Et puis, il y a ce qui se passe durant la rédaction du rapport d’analyse statistique : cette fois-ci, le statisticien est à blâmer. Le logiciel SAS, quand on lui demande de sortir le pourcentage de A (variable binaire) parmi B (variable binaire), en affiche 27 différents, parce qu’il affiche un tableau de contingence 3×3 (OUI, NON, TOTAL) avec 3 pourcentages (en ligne, en colonne, sur total général) par cellule. Pour ceux qui recopient à la main le pourcentage dans le rapport d’analyse, il faut choisir le seul bon pourcentage sur les 27 présentés. Ensuite, il y a la pratique de remplissage des tableaux cellule par cellule, copiant un à un les résultats des sorties logicielles dans le tableau. Il y a même la pratique d’inversion des risques relatifs ou odds ratio, présentés à l’envers par le logiciel, à la calculatrice. Enfin, lors d’une mise à jours de la base de données, il est nécessaire de recalculer toutes les statistiques du rapport. L’idéal est de générer le rapport d’analyse entièrement à partir du script (p.e. avec R markdown), mais ce genre de pratique n’est pas rapporté dans les articles.
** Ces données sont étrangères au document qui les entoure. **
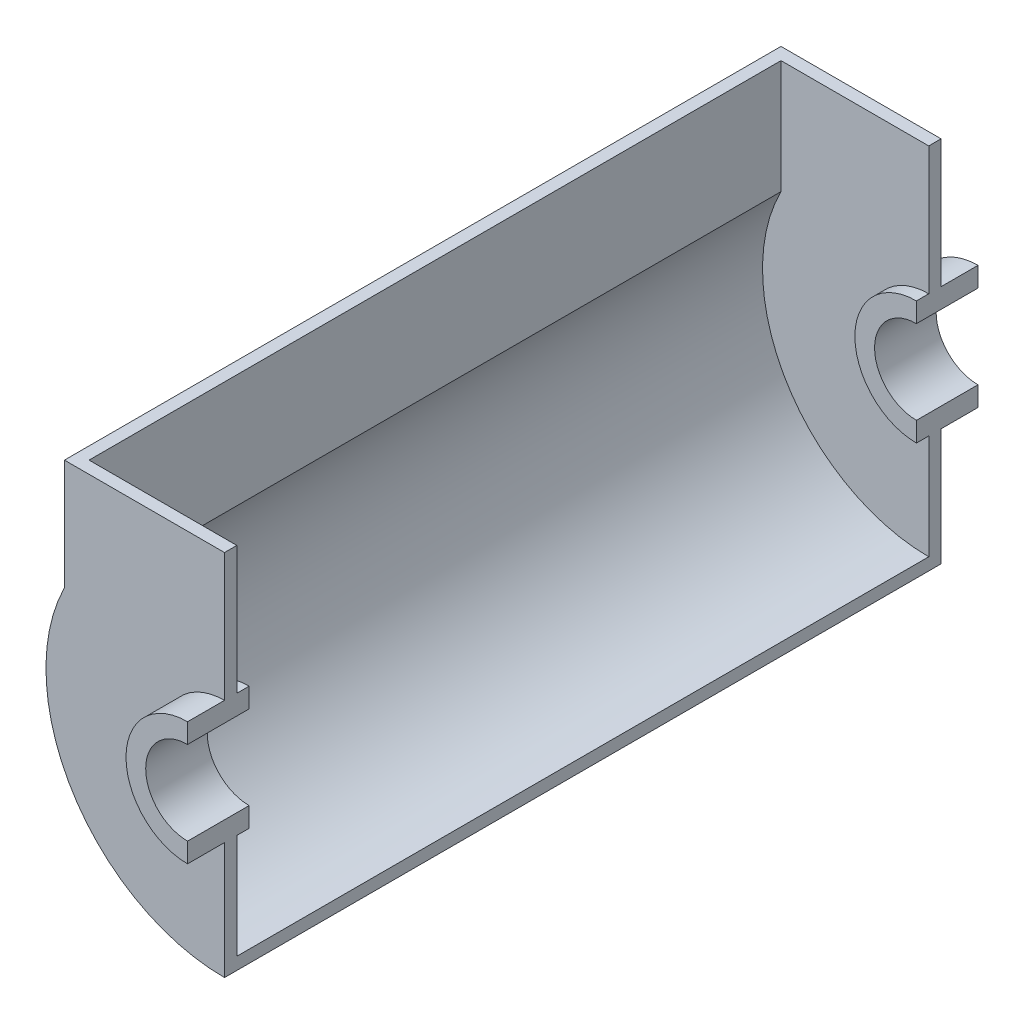
SolidWorks part; units mm, degrees
ref_plane "Front Plane" through (0, 0, 0) normal (0, 0, 1) x (1, 0, 0)
ref_plane "Top Plane" through (0, 0, 0) normal (0, 1, 0) x (1, 0, 0)
ref_plane "Right Plane" through (0, 0, 0) normal (1, 0, 0) x (0, 0, -1)
sketch "Sketch1" plane through (0, 0, 0) normal (0, 0, 1) x (1, 0, 0)
  line L0 (0, 25) -> (0, 17)
  line L1 (0, -17) -> (0, -25)
  arc A0 (0, 25) -> (0, -25) centre (0, 0) ccw
  arc A1 (0, 17) -> (0, -17) centre (0, 0) ccw
  dimension "D1" = 50
  dimension "D2" = 34
extrude "Boss-Extrude1" add sketch "Sketch1" along normal blind 20 and the other way blind 5
sketch "Sketch2" plane through (0, 0, 0) normal (0, 0, 1) x (1, 0, 0)
  line L0 (0, 25) -> (0, 77)
  line L1 (0, 77) -> (-65, 77)
  line L2 (-65, 77) -> (-65, 32.1131)
  line L3 (0, -25) -> (0, -72.5)
  arc A0 (0, 25) -> (0, -25) centre (0, 0) ccw construction
  arc A1 (0, 25) -> (0, -25) centre (0, 0) ccw
  arc A2 (-65, 32.1131) -> (0, -72.5) centre (0, 0) ccw
  dimension "D3" = 72.5
  dimension "D1" = 52
  dimension "D2" = 65
extrude "Boss-Extrude2" add sketch "Sketch2" along normal blind 5
ref_plane "Plane1" through (0, 0, -140.5) normal (0, 0, 1) x (1, 0, 0)
mirror "Mirror2" about plane through (0, 0, -140.5) normal (0, 0, 1) of bodies 102
sketch "Sketch3" plane through (0, 0, 0) normal (0, 0, -1) x (-1, 0, 0)
  line L0 (60, 30.9233) -> (60, 77)
  line L1 (0, -72.5) -> (0, -67.5)
  line L2 (65, 77) -> (60, 77)
  line L4 (0, -25) -> (0, -72.5)
  line L5 (65, 32.1131) -> (65, 77)
  line L6 (65, 77) -> (0, 77)
  line L7 (0, 77) -> (0, 25)
  line L8 (0, -25) -> (0, -72.5)
  line L9 (65, 32.1131) -> (65, 77)
  line L10 (65, 77) -> (0, 77)
  line L11 (0, 77) -> (0, 25)
  arc A0 (0, -67.5) -> (60, 30.9233) centre (0, 0) ccw
  arc A2 (0, -25) -> (0, 25) centre (0, 0) ccw
  arc A3 (0, -72.5) -> (65, 32.1131) centre (0, 0) ccw
  arc A4 (0, -25) -> (0, 25) centre (0, 0) ccw
  arc A5 (0, -72.5) -> (65, 32.1131) centre (0, 0) ccw
  dimension "D1" = 0
  dimension "D2" = 5
extrude "Boss-Extrude4" add sketch "Sketch3" along normal up to surface (281 mm away) contours A0 L1 L2 L4 L5 L0
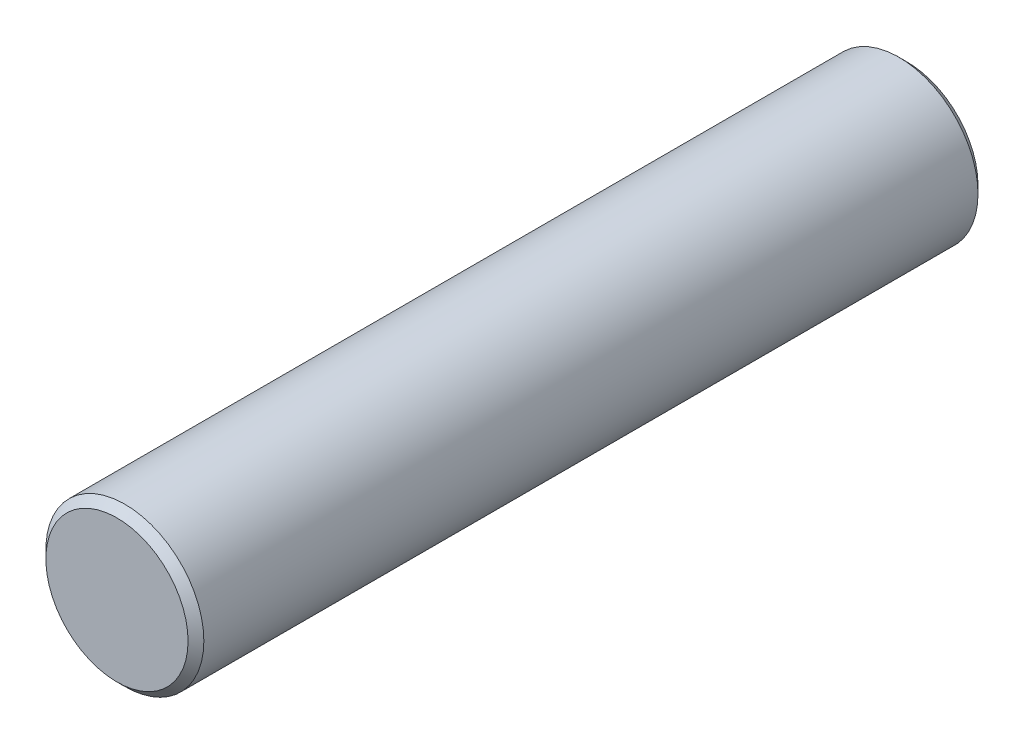
SolidWorks part; units mm, degrees
ref_plane "Plane1" through (0, 0, 0) normal (0, 0, 1) x (1, 0, 0)
ref_plane "Plane2" through (0, 0, 0) normal (0, 1, 0) x (1, 0, 0)
ref_plane "Plane3" through (0, 0, 0) normal (1, 0, 0) x (0, 0, -1)
sketch "Esquisse1" plane through (0, 0, 0) normal (0, 0, 1) x (1, 0, 0)
  circle A0 centre (0, 0) radius 2.5
  dimension "D1" = 5
extrude "Base-Extrusion" add sketch "Esquisse1" along normal blind 25
chamfer "Chanfrein1" distance 0.25 angle 45

Ensuite, il y a les erreurs de recopie du rapport d’analyse dans l’article : avec les mauvais doigts, il est même possible de copier-coller un tableau complet en rajoutant des erreurs en plein milieu du tableau. Bien sûr, le texte est l’endroit où il y a le plus d’erreurs de recopie possible, notamment sur le contexte entourant un chiffre. Par exemple, la phrase « le pourcentage de diabétiques parmi les insuffisants rénaux de stade III qui ont survécu au-delà de deux ans de suivi était estimé à X% », deviendra « le pourcentage d’insuffisants rénaux parmi les diabétiques était de X% ».
Il est dommage que le travail des vrais gestionnaires de données, techniciens d’étude clinique et attachés de recherche clinique ne soit pas valorisé dans les articles ; il faudrait aussi publier les rapports d’analyse statistique.